Originally Posted by *Solimar* /img/forum/go_quote.gif I put the purses I am not using laying flat in a plastic container (the big kind, but fit in a closet) I'll go and get a new one if need be. For belts, I have a belt hangers. I am affraid that if i put them to the box I would end up not using them often, cause they would be harder to get, especially when I am in rush in the morning... but thanks for suggestions



this thread is not very popular, maybe because I put it in a small sub forum, oh well


----------



## Ashley (Sep 5, 2007)

How small is your closet?

Maybe you can just store your bags in a basket on the floor.

Store Purses in Baskets | Organizing : RealSimple.com


----------



## CellyCell (Sep 6, 2007)

Since I have a lot of wall space, I put a bulletin board up and decorated them - just hang my necklaces/earrings on there. But I don't think you wanna do that for your room. Haha.

That on the right:






I had this shoe hanger for the door and they have them for different accessories and pocket sizes.


----------



## farris2 (Sep 6, 2007)

I put the out of season things into a plastic bin and put them in the attic


----------



## vanilla_sky (Sep 6, 2007)

thanks for great suggestions



Celly, this bulletin board looks awesome, how did you make it to look so nice? is it some kind of paper or material on it? I actually have quite a lot of wall space... definitely more than closet space!
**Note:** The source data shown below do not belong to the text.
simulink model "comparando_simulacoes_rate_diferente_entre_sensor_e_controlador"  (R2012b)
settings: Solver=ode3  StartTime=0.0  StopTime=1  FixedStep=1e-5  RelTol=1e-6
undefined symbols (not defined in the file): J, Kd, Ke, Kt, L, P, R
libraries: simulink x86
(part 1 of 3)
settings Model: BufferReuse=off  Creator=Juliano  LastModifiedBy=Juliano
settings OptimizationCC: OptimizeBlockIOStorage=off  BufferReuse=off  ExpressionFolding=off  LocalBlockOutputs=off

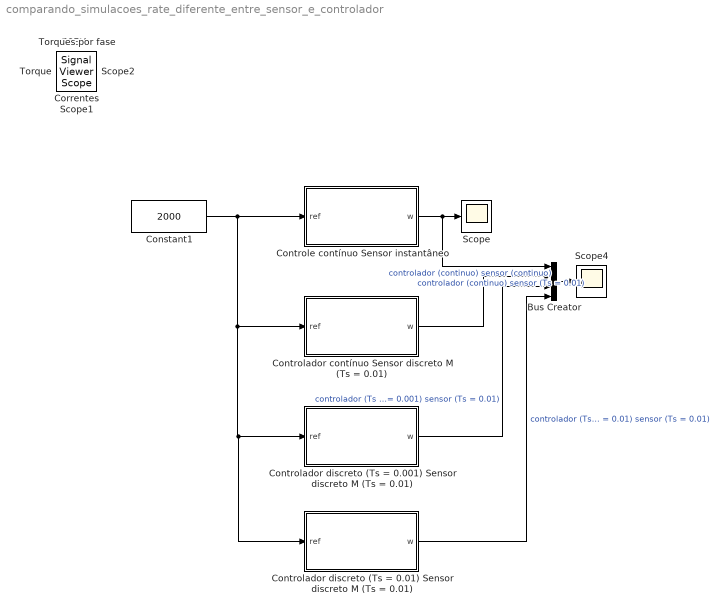
== system comparando_simulacoes_rate_diferente_entre_sensor_e_controlador ==
  Bus Creator : BusCreator
  Constant1 : Constant  Value=2000
  Controlador contínuo Sensor discreto M (Ts = 0.01) : Subsystem
  Controlador discreto (Ts = 0.001) Sensor discreto M (Ts = 0.01) : Subsystem
  Controlador discreto (Ts = 0.01) Sensor discreto M (Ts = 0.01) : Subsystem
  Controle contínuo Sensor instantâneo : Subsystem
  Scope : Scope
      settings: TimeRange=1  YMin=1600  YMax=3000
  Scope4 : Scope
      settings: ShowLegends=on  TimeRange=0.6  YMin=1100  YMax=3400  SaveName=ScopeData7
  Correntes : SignalViewerScope  IOType=viewer  NumInputPorts=3  ZoomMode=yonly  RefreshTime=0.035000
      settings: YMin=-5~-5~-5  YMax=5~5~5
  FCEMs : SignalViewerScope  IOType=viewer  NumInputPorts=3  RefreshTime=0.035000
      settings: YMin=-5~-5~-5  YMax=5~5~5  SaveName=ScopeData2
  Scope1 : SignalViewerScope  IOType=viewer  RefreshTime=0.035000
      settings: SaveName=ScopeData3
  Scope2 : SignalViewerScope  IOType=viewer  RefreshTime=0.035000
      settings: SaveName=ScopeData4
  Torque : SignalViewerScope  IOType=viewer  ZoomMode=xonly  RefreshTime=0.035000
      settings: SaveToWorkspace=on  SaveName=Torque
  Torques por fase : SignalViewerScope  IOType=viewer  NumInputPorts=3  ZoomMode=xonly  RefreshTime=0.035000
      settings: YMin=-5~-5~-5  YMax=5~5~5
  wires:
  Bus Creator/1 -> Scope4/1
  Controle contínuo Sensor instantâneo/1(w) -> Bus Creator/1, Scope/1  "controlador (continuo) sensor (continuo)"
  Constant1/1 -> Controlador contínuo Sensor discreto M (Ts = 0.01)/1(ref), Controlador discreto (Ts = 0.01) Sensor discreto M (Ts = 0.01)/1(ref), Controlador discreto (Ts = 0.001) Sensor discreto M (Ts = 0.01)/1(ref), Controle contínuo Sensor instantâneo/1(ref)
  Controlador discreto (Ts = 0.001) Sensor discreto M (Ts = 0.01)/1(w) -> Bus Creator/3  "controlador (Ts = 0.001) sensor (Ts = 0.01)"
  Controlador contínuo Sensor discreto M (Ts = 0.01)/1(w) -> Bus Creator/2  "controlador (continuo) sensor (Ts = 0.01)"
  Controlador discreto (Ts = 0.01) Sensor discreto M (Ts = 0.01)/1(w) -> Bus Creator/4  "controlador (Ts = 0.01) sensor (Ts = 0.01)"

== system comparando_simulacoes_rate_diferente_entre_sensor_e_controlador/Controlador contínuo Sensor discreto M (Ts = 0.01) ==
  ref : Inport
  Add2 : Sum  Inputs=-+|
  Anti-horário1 : Constant
  BLDC1 : Subsystem
  "Conversao deg/s -> rad/s" : Gain  Gain=pi/180
  Conversao rad-> deg : Gain  Gain=180/pi
  "Conversao rad/s -> RPM1" : Gain  Gain=60/(2*pi)
  "Conversao rad/s -> rpm" : Gain  Gain=60/(2*pi)
  Decoder1 : Subsystem
  Encoder : Subsystem  mask{Nr=360}
      mask prompts: Nr "Número de pulsos por revolução"
  Gain1 : Gain  Gain=P/2
  Inversor1 : Subsystem
  PID Controller1 : simulink/Continuous/PID Controller  Controller=PI  TimeDomain=Continuous-time  SampleTime=1  IntegratorMethod=Forward Euler  FilterMethod=Forward Euler  Form=Parallel  P=0.000518154594293452  I=0.0431725782178291  D=0  N=100  InitialConditionSource=internal  InitialConditionForIntegrator=0  InitialConditionForFilter=0  ExternalReset=none  ZeroCross=off  LimitOutput=on  UpperSaturationLimit=12  LowerSaturationLimit=-12  LinearizeAsGain=off  AntiWindupMode=none  Kb=1  TrackingMode=off  Kt=1  PParamMin=[ ]  PParamMax=[ ]  IParamMin=[ ]  IParamMax=[ ]  DParamMin=[ ]  DParamMax=[ ]  NParamMin=[ ]  NParamMax=[ ]  KbParamMin=[ ]  KbParamMax=[ ]  KtParamMin=[ ]  KtParamMax=[ ]  POutMin=[ ]  POutMax=[ ]  IOutMin=[ ]  IOutMax=[ ]  DOutMin=[ ]  DOutMax=[ ]  NOutMin=[ ]  NOutMax=[ ]  KbOutMin=[ ]  KbOutMax=[ ]  KtOutMin=[ ]  KtOutMax=[ ]  IntegratorOutMin=[ ]  IntegratorOutMax=[ ]  FilterOutMin=[ ]  FilterOutMax=[ ]  SumOutMin=[ ]  SumOutMax=[ ]  SumI1OutMin=[ ]  SumI1OutMax=[ ]  SumI2OutMin=[ ]  SumI2OutMax=[ ]  SumI3OutMin=[ ]  SumI3OutMax=[ ]  SumDOutMin=[ ]  SumDOutMax=[ ]  SaturationOutMin=[ ]  SaturationOutMax=[ ]  IntegratorContinuousStateAttributes=''  IntegratorStateMustResolveToSignalObject=off  IntegratorRTWStateStorageClass=Auto  FilterContinuousStateAttributes=''  FilterStateMustResolveToSignalObject=off  FilterRTWStateStorageClass=Auto
  Sensores Hall1 : Subsystem  AncestorBlock=spsPMSynchronousMachineModel/Discrete Trapezoidal/Hall effect sensor
  Step1 : Step  Time=0.2  After=0*2e-3  SampleTime=0
  w : Outport
  wires:
  Conversao rad-> deg/1 -> Encoder/1(Theta)
  "Conversao deg/s -> rad/s"/1 -> "Conversao rad/s -> rpm"/1
  ref/1 -> Add2/2
  PID Controller1/1 -> Inversor1/2(Vcc)
  "Conversao rad/s -> RPM1"/1 -> w/1
  Sensores Hall1/1(Hall) -> Decoder1/1("Hall ")
  Anti-horário1/1 -> Decoder1/2(Sentido de rotação)
  Inversor1/2(Vb) -> BLDC1/2(Vb)
  Add2/1 -> PID Controller1/1
  Inversor1/1(Va) -> BLDC1/1(Va)
  Decoder1/1(Gates) -> Inversor1/1(Gates)
  Inversor1/3(Vc) -> BLDC1/3(Vc)
  Gain1/1 -> Sensores Hall1/1(teta_e)
  BLDC1/1(Theta_m) -> Conversao rad-> deg/1, Gain1/1
  BLDC1/2(w_m) -> "Conversao rad/s -> RPM1"/1
  Step1/1 -> BLDC1/4(Tl)
  Encoder/3(VelocidadeM) -> "Conversao deg/s -> rad/s"/1
  "Conversao rad/s -> rpm"/1 -> Add2/1

== system comparando_simulacoes_rate_diferente_entre_sensor_e_controlador/Controlador discreto (Ts = 0.001) Sensor discreto M (Ts = 0.01) ==
  ref : Inport
  Add2 : Sum  Inputs=-+|
  Anti-horário1 : Constant
  BLDC1 : Subsystem
  "Conversao deg/s -> rad/s" : Gain  Gain=pi/180
  Conversao rad-> deg : Gain  Gain=180/pi
  "Conversao rad/s -> RPM1" : Gain  Gain=60/(2*pi)
  "Conversao rad/s -> rpm" : Gain  Gain=60/(2*pi)
  Decoder1 : Subsystem
  Discrete Transfer Fcn : DiscreteTransferFcn  Numerator=[-0.000518155 0.000474982]  Denominator=[-1 1]  SampleTime=0.001
  Encoder : Subsystem  mask{Nr=360}
      mask prompts: Nr "Número de pulsos por revolução"
  Gain1 : Gain  Gain=P/2
  Inversor1 : Subsystem
  Rate Transition : RateTransition  OutPortSampleTimeOpt=Inherit
  Rate Transition1 : RateTransition  OutPortSampleTimeOpt=Inherit
  Saturation : Saturate  UpperLimit=12  LowerLimit=-12
  Sensores Hall1 : Subsystem  AncestorBlock=spsPMSynchronousMachineModel/Discrete Trapezoidal/Hall effect sensor
  Step1 : Step  Time=0.2  After=0*2e-3  SampleTime=0
  w : Outport
  wires:
  "Conversao rad/s -> rpm"/1 -> Add2/1
  Encoder/3(VelocidadeM) -> "Conversao deg/s -> rad/s"/1
  Step1/1 -> BLDC1/4(Tl)
  BLDC1/2(w_m) -> "Conversao rad/s -> RPM1"/1
  BLDC1/1(Theta_m) -> Gain1/1, Conversao rad-> deg/1
  Gain1/1 -> Sensores Hall1/1(teta_e)
  Inversor1/3(Vc) -> BLDC1/3(Vc)
  Decoder1/1(Gates) -> Inversor1/1(Gates)
  Inversor1/1(Va) -> BLDC1/1(Va)
  Inversor1/2(Vb) -> BLDC1/2(Vb)
  Anti-horário1/1 -> Decoder1/2(Sentido de rotação)
  Sensores Hall1/1(Hall) -> Decoder1/1("Hall ")
  "Conversao rad/s -> RPM1"/1 -> w/1
  ref/1 -> Add2/2
  "Conversao deg/s -> rad/s"/1 -> "Conversao rad/s -> rpm"/1
  Conversao rad-> deg/1 -> Encoder/1(Theta)
  Add2/1 -> Rate Transition/1
  Rate Transition1/1 -> Inversor1/2(Vcc)
  Discrete Transfer Fcn/1 -> Saturation/1
  Rate Transition/1 -> Discrete Transfer Fcn/1
  Saturation/1 -> Rate Transition1/1

== system comparando_simulacoes_rate_diferente_entre_sensor_e_controlador/Controlador discreto (Ts = 0.01) Sensor discreto M (Ts = 0.01) ==
  ref : Inport
  Add2 : Sum  Inputs=-+|
  Anti-horário1 : Constant
  BLDC1 : Subsystem
  "Conversao deg/s -> rad/s" : Gain  Gain=pi/180
  Conversao rad-> deg : Gain  Gain=180/pi
  "Conversao rad/s -> RPM1" : Gain  Gain=60/(2*pi)
  "Conversao rad/s -> rpm" : Gain  Gain=60/(2*pi)
  Decoder1 : Subsystem
  Discrete Transfer Fcn : DiscreteTransferFcn  Numerator=[-0.000518155 0.0000864288]  Denominator=[-1 1]  SampleTime=0.01
  Encoder : Subsystem  mask{Nr=360}
      mask prompts: Nr "Número de pulsos por revolução"
  Gain1 : Gain  Gain=P/2
  Inversor1 : Subsystem
  Rate Transition : RateTransition  OutPortSampleTimeOpt=Inherit
  Rate Transition1 : RateTransition  OutPortSampleTimeOpt=Inherit
  Saturation : Saturate  UpperLimit=12  LowerLimit=-12
  Sensores Hall1 : Subsystem  AncestorBlock=spsPMSynchronousMachineModel/Discrete Trapezoidal/Hall effect sensor
  Step1 : Step  Time=0.2  After=0*2e-3  SampleTime=0
  w : Outport
  wires:
  Saturation/1 -> Rate Transition1/1
  Rate Transition/1 -> Discrete Transfer Fcn/1
  Discrete Transfer Fcn/1 -> Saturation/1
  Rate Transition1/1 -> Inversor1/2(Vcc)
  Add2/1 -> Rate Transition/1
  Conversao rad-> deg/1 -> Encoder/1(Theta)
  "Conversao deg/s -> rad/s"/1 -> "Conversao rad/s -> rpm"/1
  ref/1 -> Add2/2
  "Conversao rad/s -> RPM1"/1 -> w/1
  Sensores Hall1/1(Hall) -> Decoder1/1("Hall ")
  Anti-horário1/1 -> Decoder1/2(Sentido de rotação)
  Inversor1/2(Vb) -> BLDC1/2(Vb)
  Inversor1/1(Va) -> BLDC1/1(Va)
  Decoder1/1(Gates) -> Inversor1/1(Gates)
  Inversor1/3(Vc) -> BLDC1/3(Vc)
  Gain1/1 -> Sensores Hall1/1(teta_e)
  BLDC1/1(Theta_m) -> Conversao rad-> deg/1, Gain1/1
  BLDC1/2(w_m) -> "Conversao rad/s -> RPM1"/1
  Step1/1 -> BLDC1/4(Tl)
  Encoder/3(VelocidadeM) -> "Conversao deg/s -> rad/s"/1
  "Conversao rad/s -> rpm"/1 -> Add2/1

== system comparando_simulacoes_rate_diferente_entre_sensor_e_controlador/Controle contínuo Sensor instantâneo ==
  ref : Inport
  Add1 : Sum  Inputs=|+-
  Anti-horário : Constant
  BLDC : Subsystem
  "Conversao rad/s -> RPM" : Gain  Gain=60/(2*pi)
  Decoder : Subsystem
  Gain : Gain  Gain=P/2
  Inversor : Subsystem
  PID Controller : simulink/Continuous/PID Controller  Controller=PI  TimeDomain=Continuous-time  SampleTime=1  IntegratorMethod=Forward Euler  FilterMethod=Forward Euler  Form=Parallel  P=0.000518154594293452  I=0.0431725782178291  D=0  N=100  InitialConditionSource=internal  InitialConditionForIntegrator=0  InitialConditionForFilter=0  ExternalReset=none  ZeroCross=off  LimitOutput=on  UpperSaturationLimit=12  LowerSaturationLimit=-12  LinearizeAsGain=off  AntiWindupMode=none  Kb=1  TrackingMode=off  Kt=1  PParamMin=[ ]  PParamMax=[ ]  IParamMin=[ ]  IParamMax=[ ]  DParamMin=[ ]  DParamMax=[ ]  NParamMin=[ ]  NParamMax=[ ]  KbParamMin=[ ]  KbParamMax=[ ]  KtParamMin=[ ]  KtParamMax=[ ]  POutMin=[ ]  POutMax=[ ]  IOutMin=[ ]  IOutMax=[ ]  DOutMin=[ ]  DOutMax=[ ]  NOutMin=[ ]  NOutMax=[ ]  KbOutMin=[ ]  KbOutMax=[ ]  KtOutMin=[ ]  KtOutMax=[ ]  IntegratorOutMin=[ ]  IntegratorOutMax=[ ]  FilterOutMin=[ ]  FilterOutMax=[ ]  SumOutMin=[ ]  SumOutMax=[ ]  SumI1OutMin=[ ]  SumI1OutMax=[ ]  SumI2OutMin=[ ]  SumI2OutMax=[ ]  SumI3OutMin=[ ]  SumI3OutMax=[ ]  SumDOutMin=[ ]  SumDOutMax=[ ]  SaturationOutMin=[ ]  SaturationOutMax=[ ]  IntegratorContinuousStateAttributes=''  IntegratorStateMustResolveToSignalObject=off  IntegratorRTWStateStorageClass=Auto  FilterContinuousStateAttributes=''  FilterStateMustResolveToSignalObject=off  FilterRTWStateStorageClass=Auto
  Sensores Hall : Subsystem  AncestorBlock=spsPMSynchronousMachineModel/Discrete Trapezoidal/Hall effect sensor
  Step : Step  Time=0.2  After=0*2e-3  SampleTime=0
  w : Outport
  wires:
  PID Controller/1 -> Inversor/2(Vcc)
  BLDC/1(Theta_m) -> Gain/1
  Gain/1 -> Sensores Hall/1(teta_e)
  Sensores Hall/1(Hall) -> Decoder/1("Hall ")
  Decoder/1(Gates) -> Inversor/1(Gates)
  Anti-horário/1 -> Decoder/2(Sentido de rotação)
  Step/1 -> BLDC/4(Tl)
  Inversor/1(Va) -> BLDC/1(Va)
  Inversor/2(Vb) -> BLDC/2(Vb)
  Inversor/3(Vc) -> BLDC/3(Vc)
  BLDC/2(w_m) -> "Conversao rad/s -> RPM"/1
  "Conversao rad/s -> RPM"/1 -> w/1, Add1/2
  Add1/1 -> PID Controller/1
  ref/1 -> Add1/1

== system comparando_simulacoes_rate_diferente_entre_sensor_e_controlador/Controlador contínuo Sensor discreto M (Ts = 0.01)/BLDC1 ==
  Va : Inport
  Vb : Inport  Port=2
  Vc : Inport  Port=3
  Tl : Inport  Port=4
  "Cálculo Torque fase \"a\"" : Subsystem
  "Cálculo Torque fase \"b\"" : Subsystem
  "Cálculo Torque fase \"c\"" : Subsystem
  Cálculo das FCEMs : Subsystem
  "Dinâmica fase \"a\"" : Subsystem
  "Dinâmica fase \"b\"" : Subsystem
  "Dinâmica fase \"c\"" : Subsystem
  "Dinâmica mecânica " : Subsystem
  FCEMs : Scope  NumInputPorts=3
      settings: TimeRange=1  YMin=420~-5~-5  YMax=510~5~5  SaveName=ScopeData5
  Gain2 : Gain  Gain=P/2
  Scope : Scope
      settings: TimeRange=1  YMin=420  YMax=510  SaveName=ScopeData4
  Sum : Sum  Inputs=+++
  Vs : Scope  NumInputPorts=3
      settings: TimeRange=1  YMin=420~-5~-5  YMax=510~5~5  SaveName=ScopeData2
  is : Scope  NumInputPorts=3
      settings: TimeRange=1  YMin=420~-5~-5  YMax=510~5~5  SaveName=ScopeData3
  is1 : Scope  NumInputPorts=3
      settings: TimeRange=1  YMin=420~-5~-5  YMax=510~5~5  SaveName=ScopeData6
  Theta_m : Outport
  w_m : Outport  Port=2
  wires:
  Cálculo das FCEMs/1(e_a) -> FCEMs/1, "Dinâmica fase \"a\""/2(e_a)  "e_a"
  Cálculo das FCEMs/2(e_b) -> "Dinâmica fase \"b\""/2(e_b), FCEMs/2  "e_b"
  Cálculo das FCEMs/3(e_c) -> FCEMs/3, "Dinâmica fase \"c\""/2(e_c)  "e_c"
  Va/1 -> Vs/1, "Dinâmica fase \"a\""/1(Va)
  Vb/1 -> Vs/2, "Dinâmica fase \"b\""/1(Vb)
  Vc/1 -> Vs/3, "Dinâmica fase \"c\""/1(Vc)
  "Dinâmica fase \"a\""/1(i_a) -> is/1, "Cálculo Torque fase \"a\""/1(i_a)  "i_a"
  "Dinâmica fase \"b\""/1(i_b) -> is/2, "Cálculo Torque fase \"b\""/1(i_b)  "i_b"
  "Dinâmica fase \"c\""/1(i_c) -> is/3, "Cálculo Torque fase \"c\""/1(i_c)  "i_c"
  "Cálculo Torque fase \"a\""/1(T_a) -> is1/1, Sum/1  "T_a"
  "Cálculo Torque fase \"b\""/1(T_b) -> is1/2, Sum/2  "T_b"
  "Cálculo Torque fase \"c\""/1(T_c) -> is1/3, Sum/3  "T_c"
  Sum/1 -> Scope/1, "Dinâmica mecânica "/1(Te)  "T"
  "Dinâmica mecânica "/1(Theta_m) -> Theta_m/1, Gain2/1  "Theta_m"
  "Dinâmica mecânica "/2(w_m) -> Cálculo das FCEMs/2(w_m), w_m/1  "w_m"
  Tl/1 -> "Dinâmica mecânica "/2(Tl)
  Gain2/1 -> "Cálculo Torque fase \"a\""/2(Theta_e), "Cálculo Torque fase \"c\""/2(Theta_e), Cálculo das FCEMs/1(Theta_e), "Cálculo Torque fase \"b\""/2(Theta_e)

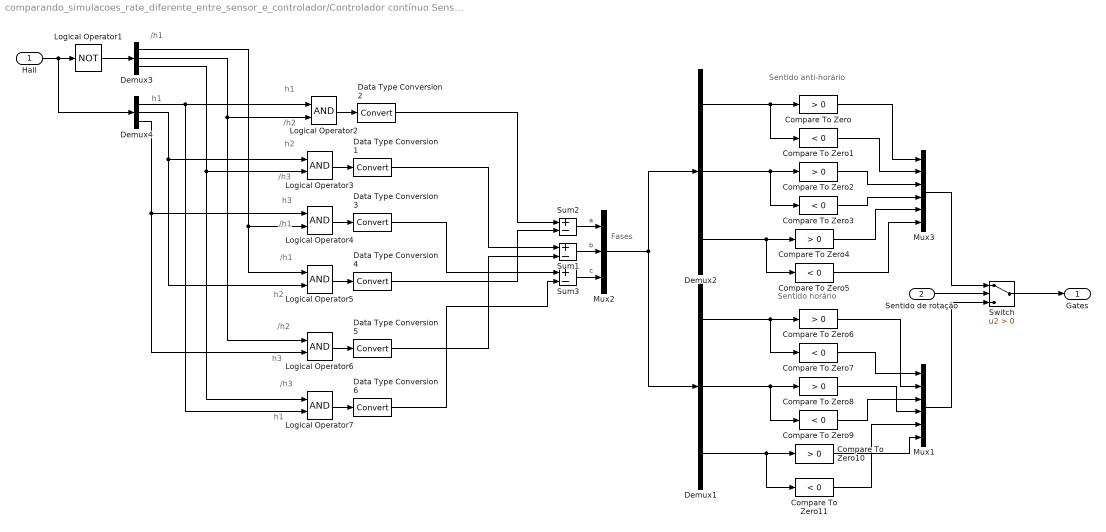
== system comparando_simulacoes_rate_diferente_entre_sensor_e_controlador/Controlador contínuo Sensor discreto M (Ts = 0.01)/Decoder1 ==
  note: Fases
  note: Sentido horário
  note: Sentido anti-horário
  note: h1
  note: /h3
  note: h3
  note: /h2
  note: h2
  note: /h1
  note: /h1
  note: h3
  note: /h3
  note: h2
  note: /h2
  note: h1
  note: h1
  note: /h1
  "Hall " : Inport
  Sentido de rotação : Inport  Port=2
  Compare To Zero{,2,4,6,8,10} (6 alike) : simulink/Logic and Bit Operations/Compare To Zero  relop=>  OutDataTypeStr=boolean  ZeroCross=off
  Compare To Zero{1,3,5,7,9,11} (6 alike) : simulink/Logic and Bit Operations/Compare To Zero  relop=<  OutDataTypeStr=boolean  ZeroCross=off
  Data Type Conversion{1..6} (6 alike) : DataTypeConversion
  Demux{1..4} (4 alike) : Demux  Outputs=3
  Logical Operator1 : Logic  Operator=NOT  AllPortsSameDT=off  OutDataTypeStr=boolean
  Logical Operator{2..7} (6 alike) : Logic  AllPortsSameDT=off  OutDataTypeStr=boolean
  Mux1 : Mux  Inputs=6
  Mux2 : Mux  Inputs=3
  Mux3 : Mux  Inputs=6
  Sum1 : Sum  Inputs=+-  OutDataTypeStr=double
  Sum2 : Sum  Inputs=+-  OutDataTypeStr=double
  Sum3 : Sum  Inputs=+-  OutDataTypeStr=double
  Switch : Switch  Criteria=u2 > Threshold
  Gates : Outport
  wires:
  Mux2/1 -> Demux1/1, Demux2/1
  Data Type Conversion6/1 -> Sum3/2
  Data Type Conversion3/1 -> Sum3/1
  Data Type Conversion5/1 -> Sum1/2
  Data Type Conversion1/1 -> Sum1/1
  Data Type Conversion4/1 -> Sum2/2
  Data Type Conversion2/1 -> Sum2/1
  Logical Operator7/1 -> Data Type Conversion6/1
  Logical Operator6/1 -> Data Type Conversion5/1
  Logical Operator5/1 -> Data Type Conversion4/1
  Logical Operator4/1 -> Data Type Conversion3/1
  Logical Operator3/1 -> Data Type Conversion1/1
  Sum3/1 -> Mux2/3  "c"
  Sum1/1 -> Mux2/2  "b"
  Sum2/1 -> Mux2/1  "a"
  Logical Operator2/1 -> Data Type Conversion2/1
  Demux3/1 -> Logical Operator5/1, Logical Operator4/2
  Demux3/2 -> Logical Operator6/1, Logical Operator2/2
  Demux3/3 -> Logical Operator7/1, Logical Operator3/2
  Demux4/1 -> Logical Operator7/2, Logical Operator2/1
  Demux4/2 -> Logical Operator5/2, Logical Operator3/1
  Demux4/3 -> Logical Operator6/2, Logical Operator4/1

P.s. yes, i do have it the shoe organizer on my door! I store all my small items there - body lotions, sunscreens etc.


----------



## CellyCell (Sep 13, 2007)

Oh... well, you get any regular cork bulletin board with wood sidings.

I don't remember where I got mines at - we've had it for so many years.

I checked Staples.com and they have many variety there if you would need a specific size/style.

Too match the rest of my color theme in my room, I painted the wood paneling with a moss green color and a sunny golden yellow. I think they're 50 cents per paint bottle at craft stores (Michaels have them for that price usually).

The inside board are made up of my favorite lyrics from songs. I printed them out, then I mixed glue/water and decoupaged it to the board. When that is in the process of drying, I found some gold glitter and painted it on around the board.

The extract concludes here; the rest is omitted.